Brief:
Copy out every line in the entries below that includes "unit".

Exercise data:
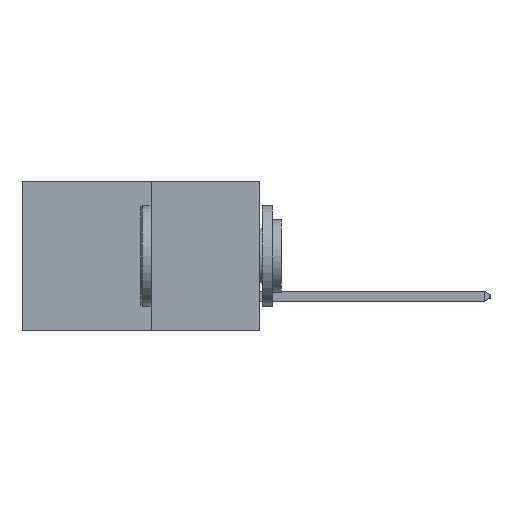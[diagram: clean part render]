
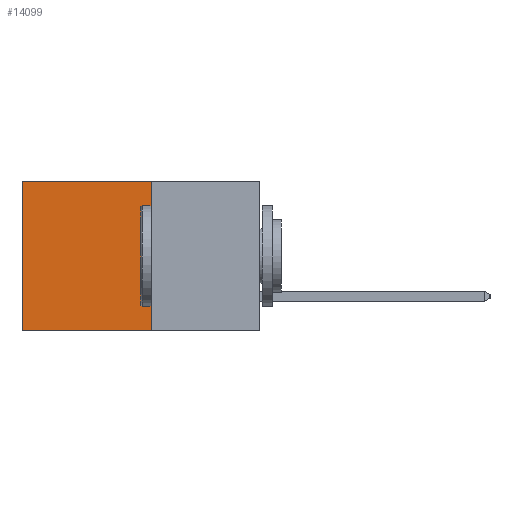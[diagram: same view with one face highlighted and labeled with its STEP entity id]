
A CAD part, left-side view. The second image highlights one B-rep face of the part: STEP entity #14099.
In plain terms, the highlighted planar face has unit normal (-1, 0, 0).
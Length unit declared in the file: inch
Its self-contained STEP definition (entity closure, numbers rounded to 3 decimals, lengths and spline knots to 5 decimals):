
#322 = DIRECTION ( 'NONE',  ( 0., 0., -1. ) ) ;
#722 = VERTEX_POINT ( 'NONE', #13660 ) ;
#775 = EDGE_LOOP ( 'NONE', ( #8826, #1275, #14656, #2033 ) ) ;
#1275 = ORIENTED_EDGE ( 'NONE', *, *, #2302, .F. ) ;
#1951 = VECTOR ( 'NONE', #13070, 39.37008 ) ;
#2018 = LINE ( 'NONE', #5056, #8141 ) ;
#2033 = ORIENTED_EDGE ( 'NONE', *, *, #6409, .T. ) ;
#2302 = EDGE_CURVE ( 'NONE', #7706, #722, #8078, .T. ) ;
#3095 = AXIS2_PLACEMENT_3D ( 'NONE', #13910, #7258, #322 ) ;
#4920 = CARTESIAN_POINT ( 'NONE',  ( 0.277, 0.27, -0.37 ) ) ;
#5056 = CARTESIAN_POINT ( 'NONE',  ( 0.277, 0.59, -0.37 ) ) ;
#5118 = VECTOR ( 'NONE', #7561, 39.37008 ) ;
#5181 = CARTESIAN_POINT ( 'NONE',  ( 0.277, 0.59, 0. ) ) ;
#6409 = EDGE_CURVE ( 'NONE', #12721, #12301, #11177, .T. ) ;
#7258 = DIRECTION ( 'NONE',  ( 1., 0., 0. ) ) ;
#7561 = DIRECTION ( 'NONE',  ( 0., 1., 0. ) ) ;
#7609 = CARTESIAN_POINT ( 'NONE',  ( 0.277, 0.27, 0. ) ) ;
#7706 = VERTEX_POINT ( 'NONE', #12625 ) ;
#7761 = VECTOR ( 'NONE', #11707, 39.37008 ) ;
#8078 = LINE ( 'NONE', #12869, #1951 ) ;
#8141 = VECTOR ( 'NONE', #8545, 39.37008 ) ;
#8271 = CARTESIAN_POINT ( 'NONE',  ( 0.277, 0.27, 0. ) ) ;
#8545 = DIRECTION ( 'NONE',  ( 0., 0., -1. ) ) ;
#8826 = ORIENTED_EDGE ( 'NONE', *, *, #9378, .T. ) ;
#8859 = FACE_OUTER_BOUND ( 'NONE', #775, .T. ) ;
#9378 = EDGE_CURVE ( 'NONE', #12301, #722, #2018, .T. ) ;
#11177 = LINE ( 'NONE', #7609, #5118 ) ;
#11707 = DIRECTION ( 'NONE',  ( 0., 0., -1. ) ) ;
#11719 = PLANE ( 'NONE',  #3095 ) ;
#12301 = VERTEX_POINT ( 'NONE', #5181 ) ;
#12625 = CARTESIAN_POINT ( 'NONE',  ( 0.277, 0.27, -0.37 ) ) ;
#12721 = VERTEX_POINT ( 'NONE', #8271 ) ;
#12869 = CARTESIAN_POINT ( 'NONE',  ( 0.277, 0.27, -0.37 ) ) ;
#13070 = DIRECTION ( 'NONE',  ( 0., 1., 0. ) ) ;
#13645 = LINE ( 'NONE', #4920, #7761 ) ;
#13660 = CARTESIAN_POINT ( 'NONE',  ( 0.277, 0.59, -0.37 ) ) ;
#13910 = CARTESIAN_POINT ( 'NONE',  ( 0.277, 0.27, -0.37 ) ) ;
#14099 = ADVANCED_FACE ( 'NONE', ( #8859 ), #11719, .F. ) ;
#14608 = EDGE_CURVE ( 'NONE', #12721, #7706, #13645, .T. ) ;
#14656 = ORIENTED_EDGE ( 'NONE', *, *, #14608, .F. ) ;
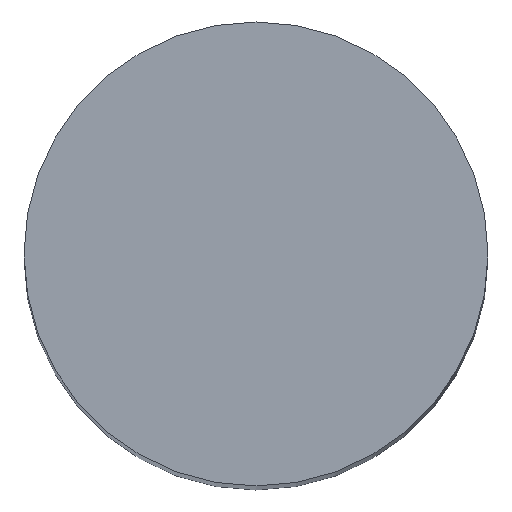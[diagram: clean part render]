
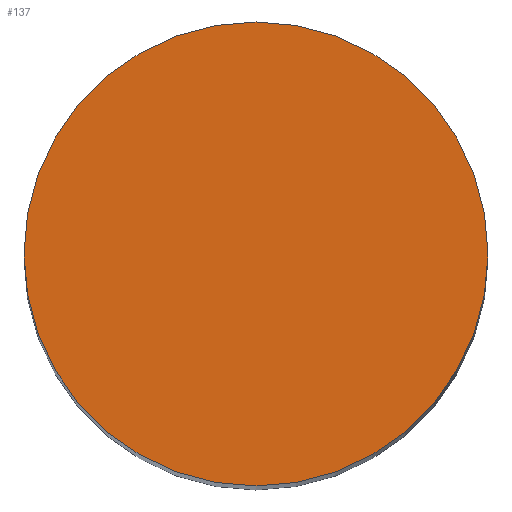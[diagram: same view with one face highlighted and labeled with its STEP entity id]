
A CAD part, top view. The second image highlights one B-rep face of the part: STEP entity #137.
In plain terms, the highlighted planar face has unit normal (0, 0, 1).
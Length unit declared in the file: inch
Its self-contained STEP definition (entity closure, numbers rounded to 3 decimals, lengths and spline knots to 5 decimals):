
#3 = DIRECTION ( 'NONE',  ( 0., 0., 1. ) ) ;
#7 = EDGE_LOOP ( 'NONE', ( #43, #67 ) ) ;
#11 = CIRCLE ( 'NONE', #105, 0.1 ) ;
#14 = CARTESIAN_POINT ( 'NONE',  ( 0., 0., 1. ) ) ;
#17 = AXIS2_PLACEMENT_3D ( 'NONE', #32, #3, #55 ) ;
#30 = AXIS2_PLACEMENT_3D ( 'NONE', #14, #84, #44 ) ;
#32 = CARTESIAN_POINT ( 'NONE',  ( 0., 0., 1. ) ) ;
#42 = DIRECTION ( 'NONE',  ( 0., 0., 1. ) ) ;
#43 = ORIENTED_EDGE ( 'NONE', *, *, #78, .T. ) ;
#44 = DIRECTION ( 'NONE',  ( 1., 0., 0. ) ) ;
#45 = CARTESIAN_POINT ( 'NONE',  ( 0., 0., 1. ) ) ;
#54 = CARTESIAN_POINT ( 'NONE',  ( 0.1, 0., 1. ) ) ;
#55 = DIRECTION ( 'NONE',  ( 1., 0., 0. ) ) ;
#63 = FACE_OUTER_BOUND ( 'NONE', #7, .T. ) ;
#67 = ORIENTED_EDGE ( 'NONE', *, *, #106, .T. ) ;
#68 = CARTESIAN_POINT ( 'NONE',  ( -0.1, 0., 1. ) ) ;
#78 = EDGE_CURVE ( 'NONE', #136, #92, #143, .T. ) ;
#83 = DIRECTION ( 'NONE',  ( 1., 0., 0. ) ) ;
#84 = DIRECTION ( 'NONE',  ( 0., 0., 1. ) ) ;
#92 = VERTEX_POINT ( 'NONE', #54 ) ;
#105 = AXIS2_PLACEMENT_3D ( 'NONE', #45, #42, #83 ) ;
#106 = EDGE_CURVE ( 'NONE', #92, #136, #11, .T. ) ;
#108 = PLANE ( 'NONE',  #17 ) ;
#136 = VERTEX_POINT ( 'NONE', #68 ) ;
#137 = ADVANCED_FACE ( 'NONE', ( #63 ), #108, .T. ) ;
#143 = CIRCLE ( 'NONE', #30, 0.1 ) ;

Written answer:
In plain terms, the highlighted planar face has unit normal (-1, 0, 0).
Length unit declared in the file: inch
In plain terms, the highlighted planar face has unit normal (0, 0, 1).
Length unit declared in the file: inch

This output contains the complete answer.